China

China morning round-up: Illegal workers

Pedestrians walk on a sky bridge in downtown Beijing (file photo)
Image caption Most illegal workers were working as foreign language teachers and housekeepers, reports said

China's police agency vows to crack down on illegal foreign workers across the country, Thursday's newspapers report.

Shanghai Daily says Vice-Minister of Public Security Yang Huanning told the Standing Committee of the National People's Congress on Wednesday that the crackdown will include improving visa policies and strengthening border controls.

People's Daily says police agencies across the country have investigated some 20,000 incidents of foreigners illegally entering, living or working in mainland China.

Those working without a proper visa were mainly involved in foreign language education, acting, housekeeping for expatriates and labour intensive industries, it said.

Beijing News says Mr Yang said the police ministry would set up repatriation facilities in regions that have large numbers of such illegal foreign workers.

China Daily and People's Daily continue their coverage of the ongoing European tour by Premier Wen Jiabao, as he arrived in the Polish capital, Warsaw.

A front page commentary in the People's Daily Overseas Edition said it was the right time for European countries to "deepen" their co-operation with China as Chinese leaders conducted a series of high-profile visits in the region.

In the wake of the tours by Mr Wen and Politburo member Dai Bingguo, Vice-Premier Li Keqiang will also embark on a visit to Russia, Hungary, Belgium and the European Union headquarters in Brussels, the commentary said.

In the South China Sea, the Global Times says the ongoing stand-off between Chinese and Filipino vessels over the disputed Scarborough Shoal "bubbled up" on Wednesday, as the Philippines and the US began a joint military drill.

Three vessels in total are still at the shoal, Beijing News reports, while China Daily said Deputy Foreign Minister Cui Tiankai had appealed for restraint from parties involved.

"China did not start the current stand-off in the South China Sea.

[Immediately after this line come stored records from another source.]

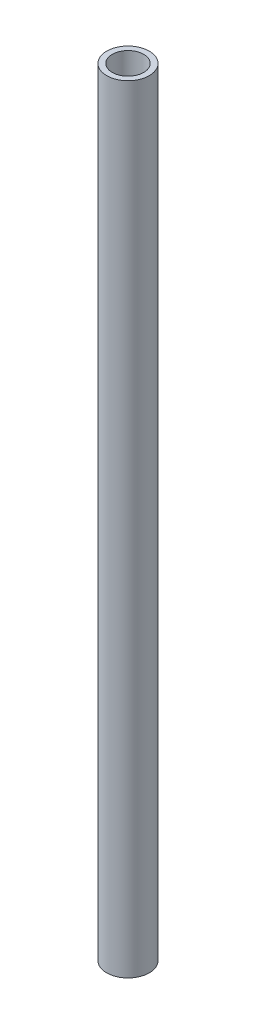
from build123d import *

# Parameters (mm, degrees)
CROQUIS1_R              = 11.5
CROQUIS1_R_2            = 8.5
SALIENTE_EXTRUIR1_DEPTH = 210


with BuildPart() as part:
    # Croquis1 → Saliente-Extruir1 (new body, symmetric)
    with BuildSketch(Plane(origin=(0, 0, 0), x_dir=(1, 0, 0), z_dir=(0, 1, 0))):
        Circle(CROQUIS1_R)
        Circle(CROQUIS1_R_2, mode=Mode.SUBTRACT)
    extrude(amount=SALIENTE_EXTRUIR1_DEPTH, both=True)


solid = part.part

We would not like to see more tensions in that region," Cui Tiankai said. China was still committed to resolving disputes in the region through dialogue and diplomacy, he said.

A People's Daily report filed from the Philippines claims local residents do not agree with politicians' approach to the conflict.

And a commentary from the same paper attacks "some countries'" attempts to "internationalise" the South China Sea dispute as a "strategically short-sighted" act.

Papers ranging from the Beijing Times to the Hong Kong Standard also go big with the arrival of a 2,500-year-old skull fragment believed to be that of Sakyamuni the Buddha in Hong Kong.

This is the first time that the relic has been shown outside mainland China. Gyaltsen Norbu, the Beijing-backed 11th Panchen Lama, is in Hong Kong to bless the relic.